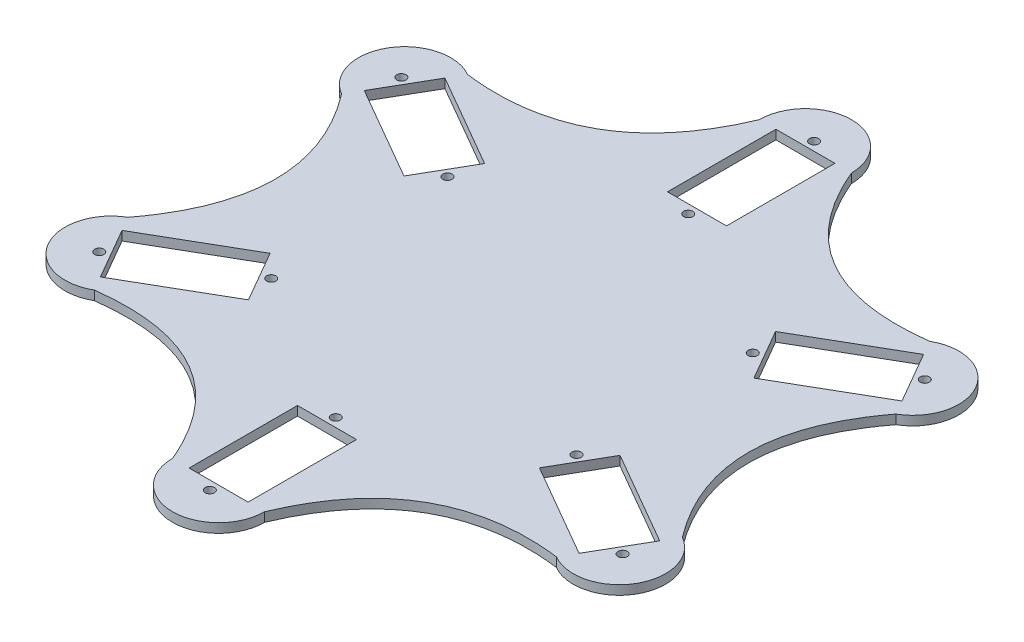
from build123d import *

# Parameters (mm, degrees)
SKETCH4_W           = 12.8
SKETCH4_H           = 23.5
SKETCH4_R           = 1
BOSS_EXTRUDE3_DEPTH = 2


with BuildPart() as part:
    # Sketch4 → Boss-Extrude3 (new body)
    with BuildSketch(Plane(origin=(0, 0, 0), x_dir=(1, 0, 0), z_dir=(0, 1, 0))):
        with BuildLine():
            ThreePointArc((10, 63.612159322), (0, 73.612159322), (-10, 63.612159322))
            add(Edge.make_bspline(
                [(-10, 63.612159322), (-21.25, 36.806079661), (-50.089745962, 40.466333699)],
                knots=[0, 0, 0, 1, 1, 1], degree=2))
            ThreePointArc((-50.089745962, 40.466333699), (-63.75, 36.806079661), (-60.089745962, 23.145825623))
            add(Edge.make_bspline(
                [(-60.089745962, 23.145825623), (-42.5, 0), (-60.089745962, -23.145825623)],
                knots=[0, 0, 0, 1, 1, 1], degree=2))
            ThreePointArc((-60.089745962, -23.145825623), (-63.75, -36.806079661), (-50.089745962, -40.466333699))
            add(Edge.make_bspline(
                [(-50.089745962, -40.466333699), (-21.25, -36.806079661), (-10, -63.612159322)],
                knots=[0, 0, 0, 1, 1, 1], degree=2))
            ThreePointArc((-10, -63.612159322), (0, -73.612159322), (10, -63.612159322))
            add(Edge.make_bspline(
                [(10, -63.612159322), (21.25, -36.806079661), (50.089745962, -40.466333699)],
                knots=[0, 0, 0, 1, 1, 1], degree=2))
            ThreePointArc((50.089745962, -40.466333699), (63.75, -36.806079661), (60.089745962, -23.145825623))
            add(Edge.make_bspline(
                [(60.089745962, -23.145825623), (42.5, 0), (60.089745962, 23.145825623)],
                knots=[0, 0, 0, 1, 1, 1], degree=2))
            ThreePointArc((60.089745962, 23.145825623), (63.75, 36.806079661), (50.089745962, 40.466333699))
            add(Edge.make_bspline(
                [(50.089745962, 40.466333699), (21.25, 36.806079661), (10, 63.612159322)],
                knots=[0, 0, 0, 1, 1, 1], degree=2))
        make_face()
        with Locations((0, 51.862159322)):
            Rectangle(SKETCH4_W, SKETCH4_H, mode=Mode.SUBTRACT)
        with Locations((0, 65.512159322)):
            Circle(SKETCH4_R, mode=Mode.SUBTRACT)
        Polygon((31.538148973, 25.598642245), (51.889745962, 37.348642245), (58.289745962, 26.263517077), (37.938148973, 14.513517077), align=None, mode=Mode.SUBTRACT)
        Polygon((37.938148973, -14.513517077), (58.289745962, -26.263517077), (51.889745962, -37.348642245), (31.538148973, -25.598642245), align=None, mode=Mode.SUBTRACT)
        with Locations((0, -51.862159322)):
            Rectangle(SKETCH4_W, SKETCH4_H, mode=Mode.SUBTRACT)
        Polygon((-31.538148973, -25.598642245), (-51.889745962, -37.348642245), (-58.289745962, -26.263517077), (-37.938148973, -14.513517077), align=None, mode=Mode.SUBTRACT)
        Polygon((-37.938148973, 14.513517077), (-58.289745962, 26.263517077), (-51.889745962, 37.348642245), (-31.538148973, 25.598642245), align=None, mode=Mode.SUBTRACT)
        with Locations((33.092700706, 19.106079661)):
            Circle(SKETCH4_R, mode=Mode.SUBTRACT)
        with Locations((0, 38.212159322)):
            Circle(SKETCH4_R, mode=Mode.SUBTRACT)
        with Locations((-33.092700706, -19.106079661)):
            Circle(SKETCH4_R, mode=Mode.SUBTRACT)
        with Locations((0, -38.212159322)):
            Circle(SKETCH4_R, mode=Mode.SUBTRACT)
        with Locations((33.092700706, -19.106079661)):
            Circle(SKETCH4_R, mode=Mode.SUBTRACT)
        with Locations((-33.092700706, 19.106079661)):
            Circle(SKETCH4_R, mode=Mode.SUBTRACT)
        with Locations((56.735194229, 32.756079661)):
            Circle(SKETCH4_R, mode=Mode.SUBTRACT)
        with Locations((56.735194229, -32.756079661)):
            Circle(SKETCH4_R, mode=Mode.SUBTRACT)
        with Locations((0, -65.512159322)):
            Circle(SKETCH4_R, mode=Mode.SUBTRACT)
        with Locations((-56.735194229, -32.756079661)):
            Circle(SKETCH4_R, mode=Mode.SUBTRACT)
        with Locations((-56.735194229, 32.756079661)):
            Circle(SKETCH4_R, mode=Mode.SUBTRACT)
    extrude(amount=BOSS_EXTRUDE3_DEPTH)


solid = part.part
+++
TASK DETAILS: All that belongs in your answer is the stretch of entries above from the line with "-73.612159322), (10, -63.612159322))" through the line with "-14.513517077), align=None, mode=Mode.SUBTRACT)", printed exactly.

FINISHED TASK:
            ThreePointArc((-10, -63.612159322), (0, -73.612159322), (10, -63.612159322))
            add(Edge.make_bspline(
                [(10, -63.612159322), (21.25, -36.806079661), (50.089745962, -40.466333699)],
                knots=[0, 0, 0, 1, 1, 1], degree=2))
            ThreePointArc((50.089745962, -40.466333699), (63.75, -36.806079661), (60.089745962, -23.145825623))
            add(Edge.make_bspline(
                [(60.089745962, -23.145825623), (42.5, 0), (60.089745962, 23.145825623)],
                knots=[0, 0, 0, 1, 1, 1], degree=2))
            ThreePointArc((60.089745962, 23.145825623), (63.75, 36.806079661), (50.089745962, 40.466333699))
            add(Edge.make_bspline(
                [(50.089745962, 40.466333699), (21.25, 36.806079661), (10, 63.612159322)],
                knots=[0, 0, 0, 1, 1, 1], degree=2))
        make_face()
        with Locations((0, 51.862159322)):
            Rectangle(SKETCH4_W, SKETCH4_H, mode=Mode.SUBTRACT)
        with Locations((0, 65.512159322)):
            Circle(SKETCH4_R, mode=Mode.SUBTRACT)
        Polygon((31.538148973, 25.598642245), (51.889745962, 37.348642245), (58.289745962, 26.263517077), (37.938148973, 14.513517077), align=None, mode=Mode.SUBTRACT)
        Polygon((37.938148973, -14.513517077), (58.289745962, -26.263517077), (51.889745962, -37.348642245), (31.538148973, -25.598642245), align=None, mode=Mode.SUBTRACT)
        with Locations((0, -51.862159322)):
            Rectangle(SKETCH4_W, SKETCH4_H, mode=Mode.SUBTRACT)
        Polygon((-31.538148973, -25.598642245), (-51.889745962, -37.348642245), (-58.289745962, -26.263517077), (-37.938148973, -14.513517077), align=None, mode=Mode.SUBTRACT)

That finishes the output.